Monday, July 25, 2011

Revelation 16:1-9, The Bowls of God’s Wrath Part 1 (The Study of the Apocalypse)


The bowls usher in the last of God’s wrath on on unbelieving mankind. Like the trumpets, the first four are images of the ten plagues of Egypt.out in “rapid succession” as the first plague is still active at the time of the 5th plague (Pg. 292). The bowl judgements naturally separate into a 4/3 division. We will divide them into 4/2/1.

Chapter 16

     1 And I heard a loud1 voice from the temple2 saying to the seven angles, “Go and pour out the seven bowls of God’s wrath on the earth.
     2 And the first one4 departed and poured out his bowl on the earth,
and there became bad and evil sores5 on the people who had the mark6 of the wild beast and who worshipped his image.7
     3 And the second one8 poured out his bowl into the sea, and it became blood like the blood of a dead man9, and every living creature10 in the sea died11.12
     4 And the third one13 poured out his bowl into the rivers and the springs of water, and they became blood.14  5 I heard the angel of the waters15 saying,
     “You are righteous16, the One who is, and the One who was, the Holy One17,
          because you judged all things, 
     6 because they poured out the blood of the saints and prophets18,
          and blood has been given to them to drink, 
               they are worthy19 .”
     7 And I heard a voice from the alter20 saying21
     “Yes, Lord God, the Almighty,
          true and righteous are your judgements.” 
     8 And the fourth one22 poured out his bowl on the sun23 , and it was
to it to scorch the people with fire. 9 And the people were scorched by great heat and they blasphemed24 the name of God who has the authority over these plagues, but25 they did not repent to give him glory.

1 μεγάλης (loud) 

Greek: “great”.

2 In the previous chapter we see the temple opened. This time the opening of heaven does not bode well for the inhabitants below, for out come seven angels with seven plagues. This calls to mind again the seven spirits we saw earlier before God’s throne. No longer are they restrained by a forbearing God waiting for those to answer His call to repentance.
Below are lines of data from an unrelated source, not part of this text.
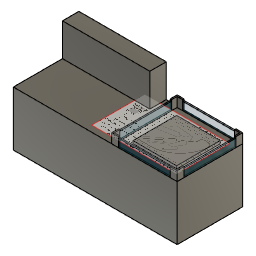
CTTM v2 (Autodesk Fusion 360 design; units mm, degrees)
Autodesk Fusion 360 part; units mm, degrees
sketch "Sketch1" plane through (0, 0, 0) normal (0, 0, 1) x (1, 0, 0)
  line L0 (0, 0) -> (-762, 0)
  line L1 (-762, 0) -> (-762, -304.8)
  line L2 (-762, -304.8) -> (0, -304.8)
  line L3 (0, -304.8) -> (0, 0)
  line L4 (0, -304.8) -> (-304.8, -304.8)
  line L5 (-304.8, -304.8) -> (-304.8, 0)
  line L6 (-304.8, 0) -> (0, 0)
  line L7 (0, 0) -> (0, -304.8)
  line L8 (-6.35, -6.35) -> (-298.45, -6.35)
  line L9 (-298.45, -6.35) -> (-298.45, -298.45)
  line L10 (-298.45, -298.45) -> (-6.35, -298.45)
  line L11 (-6.35, -298.45) -> (-6.35, -6.35)
  line L12 (-304.8, -6.35) -> (-304.8, 0)
  line L13 (-304.8, 0) -> (-298.45, 0)
  line L14 (0, -6.35) -> (0, 0)
  line L15 (0, 0) -> (-6.35, 0)
  line L16 (-6.35, -6.35) -> (-31.75, -6.35)
  line L17 (-31.75, -6.35) -> (-31.75, 0)
  line L18 (-31.75, 0) -> (-6.35, 0)
  line L19 (0, -6.35) -> (0, -31.75)
  line L20 (0, -31.75) -> (-6.35, -31.75)
  line L21 (-6.35, -31.75) -> (-6.35, -6.35)
  line L22 (-298.45, -6.35) -> (-298.45, -31.75)
  line L23 (-298.45, -31.75) -> (-304.8, -31.75)
  line L24 (-304.8, -31.75) -> (-304.8, -6.35)
  line L25 (-298.45, -6.35) -> (-273.05, -6.35)
  line L26 (-273.05, -6.35) -> (-273.05, 0)
  line L27 (-273.05, 0) -> (-298.45, 0)
  line L28 (-298.45, -298.45) -> (-273.05, -298.45)
  line L29 (-273.05, -298.45) -> (-273.05, -304.8)
  line L30 (-273.05, -304.8) -> (-298.45, -304.8)
  line L31 (-304.8, -298.45) -> (-304.8, -273.05)
  line L32 (-304.8, -273.05) -> (-298.45, -273.05)
  line L33 (-298.45, -273.05) -> (-298.45, -298.45)
  line L34 (0, -298.45) -> (0, -273.05)
  line L35 (0, -273.05) -> (-6.35, -273.05)
  line L36 (-6.35, -273.05) -> (-6.35, -298.45)
  line L37 (-6.7592, -298.45) -> (-32.1592, -298.45)
  line L38 (-32.1592, -298.45) -> (-32.1592, -304.8)
  line L39 (-32.1592, -304.8) -> (-6.7592, -304.8)
  point P0 (-152.4, -152.4)
  dimension "d1" = 762
  dimension "d2" = 304.8
  dimension "d3" = 304.8
  dimension "d4" = 292.1
  dimension "d5" = 292.1
  dimension "d6" = 25.4
  dimension "d7" = 25.4
  dimension "d8" = 25.4
  dimension "d9" = 25.4
  dimension "d10" = 25.4
  dimension "d11" = 25.4
  dimension "d12" = 25.4
  dimension "d13" = 25.4
  constraint horizontal L0
  constraint vertical L1
  constraint horizontal L2
  constraint vertical L3
  constraint coincident L0.start L3.end
  constraint horizontal L4
  constraint vertical L5
  constraint horizontal L6
  constraint vertical L7
  constraint horizontal L8
  constraint perpendicular L8 L9
  constraint parallel L8 L10
  constraint parallel L9 L11
  constraint vertical L12
  constraint horizontal L13
  constraint vertical L14
  constraint horizontal L15
  constraint horizontal L16
  constraint vertical L17
  constraint horizontal L18
  constraint vertical L19
  constraint horizontal L20
  constraint vertical L21
  constraint vertical L22
  constraint horizontal L23
  constraint vertical L24
  constraint horizontal L25
  constraint vertical L26
  constraint horizontal L27
  constraint horizontal L28
  constraint vertical L29
  constraint horizontal L30
  constraint vertical L31
  constraint horizontal L32
  constraint vertical L33
  constraint vertical L34
  constraint horizontal L35
  constraint vertical L36
  constraint horizontal L37
  constraint vertical L38
  constraint horizontal L39
  constraint coincident L10 L37.start
  measures "d1" distance of L0.start L0.end
  measures "d2" distance of L0.start L2.end
  measures "d3" distance of L2.end L4.end
  measures "d4" distance of L9.end L10.end
  measures "d5" distance of L8.end L9.end
  measures "d6" distance of L8.start L16.end
  measures "d7" distance of L8.start L20.end
  measures "d8" distance of L12.start L23.end
  measures "d9" distance of L8.end L25.end
  measures "d10" distance of L9.end L28.end
  measures "d11" distance of L9.end L32.end
  measures "d12" distance of L10.end L35.end
  measures "d13" distance of L37.start L37.end
extrude "Extrude1" add sketch "Sketch1" against normal blind 254 makes body 1
extrude "Extrude1'" add sketch "Sketch1" along normal blind 38.1 separate body contours L0 L6 L8 L17 L26 | L3 L7 L11 L20 L35 | L5 L9 L23 L32 | L2 L4 L10 L29 L38 makes body 2 at (0, -192.6167, 12.7) makes body 3 at (-304.8, -192.6167, 12.7) makes body 4 at (-112.1833, -6.35, 12.7) makes body 5 at (-192.7531, -304.8, 12.7) in component "Water Bath Glass"
copy_body "Body->Comp1" bodies 1 removing the originals makes body 6 in component "Component"
extrude "Extrude1''" add sketch "Sketch1" along normal blind 44.45 separate body contours L0 L3 L6 L7 L8 L11 L14 L15 L16 L17 L18 L19 L20 L21 | L0 L5 L6 L8 L9 L12 L13 L22 L23 L24 L25 L26 L27 | L2 L3 L4 L7 L10 L11 L34 L35 L36 L37 L38 L39 | L2 L4 L5 L9 L10 L28 L29 L30 L31 L32 L33 makes body 7 at (-283.6333, 0, 29.6333) makes body 8 at (-21.4395, -304.8, 14.8167) makes body 9 at (-21.1667, 0, 14.8167) makes body 10 at (-294.2167, -304.8, 29.6333) in component "Component'"
sketch "Sketch2" plane through (0, 0, 0) normal (0, 0, 1) x (-1, 0, 0)
  line L0 (762, 304.8) -> (0, 304.8)
  line L1 (0, 304.8) -> (0, 0)
  line L2 (0, 0) -> (762, 0)
  line L3 (762, 0) -> (762, 304.8)
  line L4 (298.45, 6.35) -> (273.05, 6.35)
  line L5 (273.05, 6.35) -> (273.05, 0)
  line L6 (273.05, 0) -> (304.8, 0)
  line L7 (304.8, 0) -> (304.8, 31.75)
  line L8 (304.8, 31.75) -> (298.45, 31.75)
  line L9 (298.45, 31.75) -> (298.45, 6.35)
  line L10 (298.45, 31.75) -> (304.8, 31.75)
  line L11 (304.8, 31.75) -> (304.8, 273.05)
  line L12 (304.8, 273.05) -> (298.45, 273.05)
  line L13 (298.45, 273.05) -> (298.45, 31.75)
  line L14 (298.45, 273.05) -> (304.8, 273.05)
  line L15 (304.8, 273.05) -> (304.8, 304.8)
  line L16 (304.8, 304.8) -> (273.05, 304.8)
  line L17 (273.05, 304.8) -> (273.05, 298.45)
  line L18 (273.05, 298.45) -> (298.45, 298.45)
  line L19 (298.45, 298.45) -> (298.45, 273.05)
  line L20 (762, 0) -> (355.6, 0)
  line L21 (355.6, 0) -> (355.6, 76.2)
  line L22 (355.6, 76.2) -> (762, 76.2)
  line L23 (762, 76.2) -> (762, 0)
  dimension "d20" = 406.4
  dimension "d21" = 76.2
  constraint horizontal L20
  constraint vertical L21
  constraint horizontal L22
  constraint vertical L23
  constraint coincident L2.end L3.start
  measures "d20" distance of L2.end L20.end
  measures "d21" distance of L2.end L22.end
extrude "Extrude1'''" add sketch "Sketch2" along normal blind 152.4 contours L2 L3 L20 L21 L22 L23 bodies 6 in component "Component"
sketch "Sketch3" plane through (0, 0, 0) normal (0, 0, 1) x (-1, 0, 0)
  line L0 (355.6, 0) -> (355.6, 76.2)
  line L1 (355.6, 76.2) -> (762, 76.2)
  line L2 (762, 76.2) -> (762, 304.8)
  line L3 (762, 304.8) -> (0, 304.8)
  line L4 (0, 304.8) -> (0, 0)
  line L5 (0, 0) -> (355.6, 0)
  line L6 (31.75, 6.35) -> (31.75, 0)
  line L7 (31.75, 0) -> (273.05, 0)
  line L8 (273.05, 0) -> (273.05, 6.35)
  line L9 (273.05, 6.35) -> (31.75, 6.35)
  line L10 (273.05, 298.45) -> (273.05, 304.8)
  line L11 (273.05, 304.8) -> (32.1592, 304.8)
  line L12 (32.1592, 304.8) -> (32.1592, 298.45)
  line L13 (32.1592, 298.45) -> (273.05, 298.45)
  line L14 (0, 31.75) -> (6.35, 31.75)
  line L15 (6.35, 31.75) -> (6.35, 273.05)
  line L16 (6.35, 273.05) -> (0, 273.05)
  line L17 (0, 273.05) -> (0, 31.75)
  line L18 (298.45, 31.75) -> (304.8, 31.75)
  line L19 (304.8, 31.75) -> (304.8, 273.05)
  line L20 (304.8, 273.05) -> (298.45, 273.05)
  line L21 (298.45, 273.05) -> (298.45, 31.75)
  line L22 (762, 76.2) -> (355.6, 76.2)
  line L23 (355.6, 76.2) -> (355.6, 0)
  line L24 (355.6, 0) -> (762, 0)
  line L25 (762, 0) -> (762, 76.2)
  line L26 (50.8, 50.8) -> (254, 50.8)
  line L27 (254, 50.8) -> (254, 254)
  line L28 (254, 254) -> (50.8, 254)
  line L29 (50.8, 254) -> (50.8, 50.8)
  line L30 (50.8, 50.8) -> (254, 254) construction
  line L31 (254, 50.8) -> (50.8, 254) construction
  point P0 (152.4, 152.4)
  dimension "d24" = 203.2
  dimension "d25" = 203.2
  constraint horizontal L26
  constraint perpendicular L26 L27
  constraint parallel L26 L28
  constraint parallel L27 L29
  constraint coincident L30 P0
  constraint coincident L31 P0
  measures "d24" distance of L27.end L28.end
  measures "d25" distance of L26.end L27.end
extrude "Extrude1''''" add sketch "Sketch3" along normal blind 12.7 separate body contours L26 L27 L28 L29 makes body 11 in component "Component''"
component "Water Bath Glass" placed x (1, 0, 0) y (0, 1, 0) z (0, 0, 1) at (0, 0, 0)
component "Component" placed x (1, 0, 0) y (0, 1, 0) z (0, 0, 1) at (0, 0, 0)
component "Component'" placed x (1, 0, 0) y (0, 1, 0) z (0, 0, 1) at (0, 0, 0)
component "Component''" placed x (1, 0, 0) y (0, 1, 0) z (0, 0, 1) at (0, 0, 0)

They had the plagues before one of the living creatures gave to them the bowls of God’s wrath. The judgment of God comes to fruition as foretold.

3 An allusion to Isaiah 66:6.

Isaiah 66:6 NIV 
     Hear that uproar from the city,
          hear that noise from the temple! 
     It is the sound of the LORD
          repaying his enemies all they deserve.

     We are reminded here that these bowls are poured out on earth. Sin has been removed from heaven. Satan has been cast down. The plagues follow him as they have always done.

4 Note the shift from how the trumpets passages would place γγελος (angel) in the passages to here where the angels are referred to as “the first one; the second one; and so on.

5 λκος (sores)

It is actually in the singular. An λκος is a painful ulcer resulting from infection. Osborne*** adds that this sort of plague would have been fearsome. He goes on to say that medical supplies would be exhausted in a few days for such a world-wide disaster. The afflicted would not be able to walk, sit, or lie down without pain. (Pg. 580).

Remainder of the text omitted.